Court of Appeal of California, Third District
Sep 8, 1947
81 Cal.App.2d 460 (Cal. Ct. App. 1947)


Docket No. 7376.

September 8, 1947.

APPEAL from a judgment of the Superior Court of Madera County. Ranse R. Sischo, Judge assigned. Affirmed.

J.D. Boyle for Appellants.

Ray W. Hays for Respondent.

The complaint filed in this action alleged that plaintiff sustained damage to his automobile by reason of the negligent operation of an Oldsmobile coupe by defendant John Doe (for whom the name William McLaughlin was later substituted) which caused said automobile to collide with plaintiff's automobile. The complaint further alleged, paragraph III:

"That at said time and place the defendant R.E. McLaughlin was the owner of an Oldsmobile Coupe automobile, which said automobile was being driven by the defendant John Doe; that the plaintiff is informed and believes, and therefore alleges, that at said time and place the defendant John Doe was the agent, servant and employee of the defendant R.E. McLaughlin, and was driving said automobile with the permission and consent of the said R.E. McLaughlin."

Defendants demurred to the complaint as failing to state a cause of action, for uncertainty, ambiguity and unintelligibility in that it could not be ascertained therefrom how or in what manner defendant John Doe was the agent, servant and employee of defendant R.E. McLaughlin, or whether or not said John Doe was acting within the scope of his alleged employment. No other grounds of demurrer were asserted. The demurrer was overruled.

Defendants filed an answer in which they admitted that defendant R.E. McLaughlin was the owner of the Oldsmobile coupe, but denied the other allegations of paragraph III of the complaint. They also denied the allegations regarding the negligent operation of said Oldsmobile coupe.

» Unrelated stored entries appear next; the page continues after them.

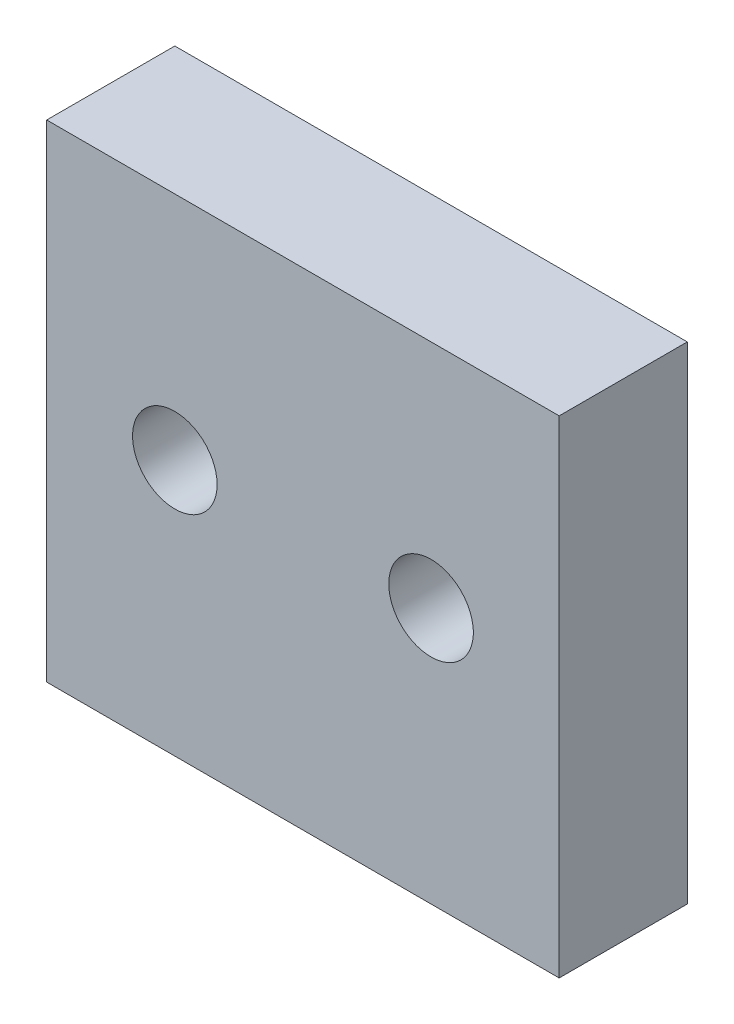
ISO-10303-21;
HEADER;
FILE_DESCRIPTION(('STEP AP214'),'2;1');
FILE_NAME('part.step','',(''),(''),'','','');
FILE_SCHEMA(('AUTOMOTIVE_DESIGN { 1 0 10303 214 1 1 1 1 }'));
ENDSEC;
DATA;
#1=APPLICATION_CONTEXT('core data for automotive mechanical design processes');
#2=APPLICATION_PROTOCOL_DEFINITION('international standard','automotive_design',2000,#1);
#3=PRODUCT_CONTEXT('',#1,'mechanical');
#4=PRODUCT('Part','Part','',(#3));
#5=PRODUCT_RELATED_PRODUCT_CATEGORY('part','',(#4));
#6=PRODUCT_DEFINITION_FORMATION('','',#4);
#7=PRODUCT_DEFINITION_CONTEXT('part definition',#1,'design');
#8=PRODUCT_DEFINITION('design','',#6,#7);
#9=PRODUCT_DEFINITION_SHAPE('','',#8);
#10=(LENGTH_UNIT() NAMED_UNIT(*) SI_UNIT(.MILLI.,.METRE.));
#11=(NAMED_UNIT(*) PLANE_ANGLE_UNIT() SI_UNIT($,.RADIAN.));
#12=(NAMED_UNIT(*) SI_UNIT($,.STERADIAN.) SOLID_ANGLE_UNIT());
#13=UNCERTAINTY_MEASURE_WITH_UNIT(LENGTH_MEASURE(1.E-05),#10,'distance_accuracy_value','');
#14=(GEOMETRIC_REPRESENTATION_CONTEXT(3) GLOBAL_UNCERTAINTY_ASSIGNED_CONTEXT((#13)) GLOBAL_UNIT_ASSIGNED_CONTEXT((#10,
#11,#12)) REPRESENTATION_CONTEXT('',''));
#15=CARTESIAN_POINT('',(0.,0.,0.));
#16=DIRECTION('',(0.,0.,1.));
#17=DIRECTION('',(1.,0.,0.));
#18=AXIS2_PLACEMENT_3D('',#15,#16,#17);
#19=CARTESIAN_POINT('',(0.,0.,5.));
#20=DIRECTION('',(0.,0.,1.));
#21=DIRECTION('',(1.,0.,0.));
#22=AXIS2_PLACEMENT_3D('',#19,#20,#21);
#23=PLANE('',#22);
#24=DIRECTION('',(1.,0.,0.));
#25=VECTOR('',#24,1.);
#26=CARTESIAN_POINT('',(-10.,9.,5.));
#27=LINE('',#26,#25);
#28=CARTESIAN_POINT('',(-10.,9.,5.));
#29=VERTEX_POINT('',#28);
#30=CARTESIAN_POINT('',(10.,9.,5.));
#31=VERTEX_POINT('',#30);
#32=EDGE_CURVE('E117',#29,#31,#27,.T.);
#33=ORIENTED_EDGE('',*,*,#32,.F.);
#34=DIRECTION('',(0.,-1.,0.));
#35=VECTOR('',#34,1.);
#36=CARTESIAN_POINT('',(-10.,10.,5.));
#37=LINE('',#36,#35);
#38=CARTESIAN_POINT('',(-10.,-10.,5.));
#39=VERTEX_POINT('',#38);
#40=EDGE_CURVE('E102',#29,#39,#37,.T.);
#41=ORIENTED_EDGE('',*,*,#40,.T.);
#42=DIRECTION('',(1.,0.,0.));
#43=VECTOR('',#42,1.);
#44=CARTESIAN_POINT('',(-10.,-10.,5.));
#45=LINE('',#44,#43);
#46=CARTESIAN_POINT('',(10.,-10.,5.));
#47=VERTEX_POINT('',#46);
#48=EDGE_CURVE('E65',#39,#47,#45,.T.);
#49=ORIENTED_EDGE('',*,*,#48,.T.);
#50=DIRECTION('',(0.,1.,0.));
#51=VECTOR('',#50,1.);
#52=CARTESIAN_POINT('',(10.,10.,5.));
#53=LINE('',#52,#51);
#54=EDGE_CURVE('E85',#47,#31,#53,.T.);
#55=ORIENTED_EDGE('',*,*,#54,.T.);
#56=EDGE_LOOP('',(#33,#41,#49,#55));
#57=FACE_BOUND('',#56,.T.);
#58=CARTESIAN_POINT('',(-5.,0.,5.));
#59=DIRECTION('',(0.,0.,1.));
#60=DIRECTION('',(1.,0.,0.));
#61=AXIS2_PLACEMENT_3D('',#58,#59,#60);
#62=CIRCLE('',#61,1.65);
#63=CARTESIAN_POINT('',(-3.35,0.,5.));
#64=VERTEX_POINT('',#63);
#65=EDGE_CURVE('E94',#64,#64,#62,.T.);
#66=ORIENTED_EDGE('',*,*,#65,.F.);
#67=EDGE_LOOP('',(#66));
#68=FACE_BOUND('',#67,.T.);
#69=CARTESIAN_POINT('',(5.,0.,5.));
#70=DIRECTION('',(0.,0.,1.));
#71=DIRECTION('',(-1.,0.,0.));
#72=AXIS2_PLACEMENT_3D('',#69,#70,#71);
#73=CIRCLE('',#72,1.65);
#74=CARTESIAN_POINT('',(3.35,0.,5.));
#75=VERTEX_POINT('',#74);
#76=EDGE_CURVE('E106',#75,#75,#73,.T.);
#77=ORIENTED_EDGE('',*,*,#76,.F.);
#78=EDGE_LOOP('',(#77));
#79=FACE_BOUND('',#78,.T.);
#80=ADVANCED_FACE('F41',(#57,#68,#79),#23,.T.);
#81=CARTESIAN_POINT('',(0.,0.,0.));
#82=DIRECTION('',(0.,0.,1.));
#83=DIRECTION('',(1.,0.,0.));
#84=AXIS2_PLACEMENT_3D('',#81,#82,#83);
#85=PLANE('',#84);
#86=DIRECTION('',(0.,-1.,0.));
#87=VECTOR('',#86,1.);
#88=CARTESIAN_POINT('',(-10.,10.,0.));
#89=LINE('',#88,#87);
#90=CARTESIAN_POINT('',(-10.,9.,0.));
#91=VERTEX_POINT('',#90);
#92=CARTESIAN_POINT('',(-10.,-10.,0.));
#93=VERTEX_POINT('',#92);
#94=EDGE_CURVE('E86',#91,#93,#89,.T.);
#95=ORIENTED_EDGE('',*,*,#94,.F.);
#96=DIRECTION('',(1.,0.,0.));
#97=VECTOR('',#96,1.);
#98=CARTESIAN_POINT('',(-10.,9.,0.));
#99=LINE('',#98,#97);
#100=CARTESIAN_POINT('',(10.,9.,0.));
#101=VERTEX_POINT('',#100);
#102=EDGE_CURVE('E56',#91,#101,#99,.T.);
#103=ORIENTED_EDGE('',*,*,#102,.T.);
#104=DIRECTION('',(0.,1.,0.));
#105=VECTOR('',#104,1.);
#106=CARTESIAN_POINT('',(10.,10.,0.));
#107=LINE('',#106,#105);
#108=CARTESIAN_POINT('',(10.,-10.,0.));
#109=VERTEX_POINT('',#108);
#110=EDGE_CURVE('E91',#109,#101,#107,.T.);
#111=ORIENTED_EDGE('',*,*,#110,.F.);
#112=DIRECTION('',(1.,0.,0.));
#113=VECTOR('',#112,1.);
#114=CARTESIAN_POINT('',(-10.,-10.,0.));
#115=LINE('',#114,#113);
#116=EDGE_CURVE('E77',#93,#109,#115,.T.);
#117=ORIENTED_EDGE('',*,*,#116,.F.);
#118=EDGE_LOOP('',(#95,#103,#111,#117));
#119=FACE_BOUND('',#118,.T.);
#120=CARTESIAN_POINT('',(-5.,0.,0.));
#121=DIRECTION('',(0.,0.,1.));
#122=DIRECTION('',(1.,0.,0.));
#123=AXIS2_PLACEMENT_3D('',#120,#121,#122);
#124=CIRCLE('',#123,1.65);
#125=CARTESIAN_POINT('',(-3.35,0.,0.));
#126=VERTEX_POINT('',#125);
#127=EDGE_CURVE('E98',#126,#126,#124,.T.);
#128=ORIENTED_EDGE('',*,*,#127,.T.);
#129=EDGE_LOOP('',(#128));
#130=FACE_BOUND('',#129,.T.);
#131=CARTESIAN_POINT('',(5.,0.,0.));
#132=DIRECTION('',(0.,0.,1.));
#133=DIRECTION('',(-1.,0.,0.));
#134=AXIS2_PLACEMENT_3D('',#131,#132,#133);
#135=CIRCLE('',#134,1.65);
#136=CARTESIAN_POINT('',(3.35,0.,0.));
#137=VERTEX_POINT('',#136);
#138=EDGE_CURVE('E108',#137,#137,#135,.T.);
#139=ORIENTED_EDGE('',*,*,#138,.T.);
#140=EDGE_LOOP('',(#139));
#141=FACE_BOUND('',#140,.T.);
#142=ADVANCED_FACE('F92',(#119,#130,#141),#85,.F.);
#143=CARTESIAN_POINT('',(10.,10.,5.));
#144=DIRECTION('',(-1.,0.,0.));
#145=DIRECTION('',(0.,-1.,0.));
#146=AXIS2_PLACEMENT_3D('',#143,#144,#145);
#147=PLANE('',#146);
#148=ORIENTED_EDGE('',*,*,#110,.T.);
#149=DIRECTION('',(0.,0.,1.));
#150=VECTOR('',#149,1.);
#151=CARTESIAN_POINT('',(10.,9.,0.));
#152=LINE('',#151,#150);
#153=EDGE_CURVE('E111',#101,#31,#152,.T.);
#154=ORIENTED_EDGE('',*,*,#153,.T.);
#155=ORIENTED_EDGE('',*,*,#54,.F.);
#156=DIRECTION('',(0.,0.,-1.));
#157=VECTOR('',#156,1.);
#158=CARTESIAN_POINT('',(10.,-10.,5.));
#159=LINE('',#158,#157);
#160=EDGE_CURVE('E49',#47,#109,#159,.T.);
#161=ORIENTED_EDGE('',*,*,#160,.T.);
#162=EDGE_LOOP('',(#148,#154,#155,#161));
#163=FACE_BOUND('',#162,.T.);
#164=ADVANCED_FACE('F43',(#163),#147,.F.);
#165=CARTESIAN_POINT('',(-10.,10.,5.));
#166=DIRECTION('',(1.,0.,0.));
#167=DIRECTION('',(0.,1.,0.));
#168=AXIS2_PLACEMENT_3D('',#165,#166,#167);
#169=PLANE('',#168);
#170=ORIENTED_EDGE('',*,*,#40,.F.);
#171=DIRECTION('',(0.,0.,1.));
#172=VECTOR('',#171,1.);
#173=CARTESIAN_POINT('',(-10.,9.,0.));
#174=LINE('',#173,#172);
#175=EDGE_CURVE('E114',#91,#29,#174,.T.);
#176=ORIENTED_EDGE('',*,*,#175,.F.);
#177=ORIENTED_EDGE('',*,*,#94,.T.);
#178=DIRECTION('',(0.,0.,-1.));
#179=VECTOR('',#178,1.);
#180=CARTESIAN_POINT('',(-10.,-10.,5.));
#181=LINE('',#180,#179);
#182=EDGE_CURVE('E11',#39,#93,#181,.T.);
#183=ORIENTED_EDGE('',*,*,#182,.F.);
#184=EDGE_LOOP('',(#170,#176,#177,#183));
#185=FACE_BOUND('',#184,.T.);
#186=ADVANCED_FACE('F144',(#185),#169,.F.);
#187=CARTESIAN_POINT('',(-10.,-10.,5.));
#188=DIRECTION('',(0.,1.,0.));
#189=DIRECTION('',(0.,0.,1.));
#190=AXIS2_PLACEMENT_3D('',#187,#188,#189);
#191=PLANE('',#190);
#192=ORIENTED_EDGE('',*,*,#116,.T.);
#193=ORIENTED_EDGE('',*,*,#160,.F.);
#194=ORIENTED_EDGE('',*,*,#48,.F.);
#195=ORIENTED_EDGE('',*,*,#182,.T.);
#196=EDGE_LOOP('',(#192,#193,#194,#195));
#197=FACE_BOUND('',#196,.T.);
#198=ADVANCED_FACE('F79',(#197),#191,.F.);
#199=CARTESIAN_POINT('',(-5.,0.,5.));
#200=DIRECTION('',(0.,0.,-1.));
#201=DIRECTION('',(-1.,0.,0.));
#202=AXIS2_PLACEMENT_3D('',#199,#200,#201);
#203=CYLINDRICAL_SURFACE('',#202,1.65);
#204=ORIENTED_EDGE('',*,*,#65,.T.);
#205=EDGE_LOOP('',(#204));
#206=FACE_BOUND('',#205,.T.);
#207=ORIENTED_EDGE('',*,*,#127,.F.);
#208=EDGE_LOOP('',(#207));
#209=FACE_BOUND('',#208,.T.);
#210=ADVANCED_FACE('F135',(#206,#209),#203,.F.);
#211=CARTESIAN_POINT('',(5.,0.,5.));
#212=DIRECTION('',(0.,0.,-1.));
#213=DIRECTION('',(-1.,0.,0.));
#214=AXIS2_PLACEMENT_3D('',#211,#212,#213);
#215=CYLINDRICAL_SURFACE('',#214,1.65);
#216=ORIENTED_EDGE('',*,*,#76,.T.);
#217=EDGE_LOOP('',(#216));
#218=FACE_BOUND('',#217,.T.);
#219=ORIENTED_EDGE('',*,*,#138,.F.);
#220=EDGE_LOOP('',(#219));
#221=FACE_BOUND('',#220,.T.);
#222=ADVANCED_FACE('F132',(#218,#221),#215,.F.);
#223=CARTESIAN_POINT('',(-10.,9.,0.));
#224=DIRECTION('',(0.,-1.,0.));
#225=DIRECTION('',(0.,0.,-1.));
#226=AXIS2_PLACEMENT_3D('',#223,#224,#225);
#227=PLANE('',#226);
#228=ORIENTED_EDGE('',*,*,#32,.T.);
#229=ORIENTED_EDGE('',*,*,#153,.F.);
#230=ORIENTED_EDGE('',*,*,#102,.F.);
#231=ORIENTED_EDGE('',*,*,#175,.T.);
#232=EDGE_LOOP('',(#228,#229,#230,#231));
#233=FACE_BOUND('',#232,.T.);
#234=ADVANCED_FACE('F122',(#233),#227,.F.);
#235=CLOSED_SHELL('',(#80,#142,#164,#186,#198,#210,#222,#234));
#236=MANIFOLD_SOLID_BREP('B2',#235);
#237=ADVANCED_BREP_SHAPE_REPRESENTATION('',(#18,#236),#14);
#238=SHAPE_DEFINITION_REPRESENTATION(#9,#237);
ENDSEC;
END-ISO-10303-21;

The action was tried by the court sitting without a jury, and resulted in a judgment for plaintiff. Defendants moved for a new trial on the ground that no evidence was introduced to establish that William McLaughlin was the agent, servant or employee of defendant R.E. McLaughlin, and that no evidence was offered, nor was it set forth in the pleadings, that any agent was acting within the scope of his authority; and that the decision was against law for the same reasons. The motion was denied.

The trial court found that defendant R.E. McLaughlin was owner of the Oldsmobile coupe, that it was being driven by William McLaughlin with the consent of R.E. McLaughlin, and that the defendant William McLaughlin was guilty of negligence which caused the collision and resulting damage.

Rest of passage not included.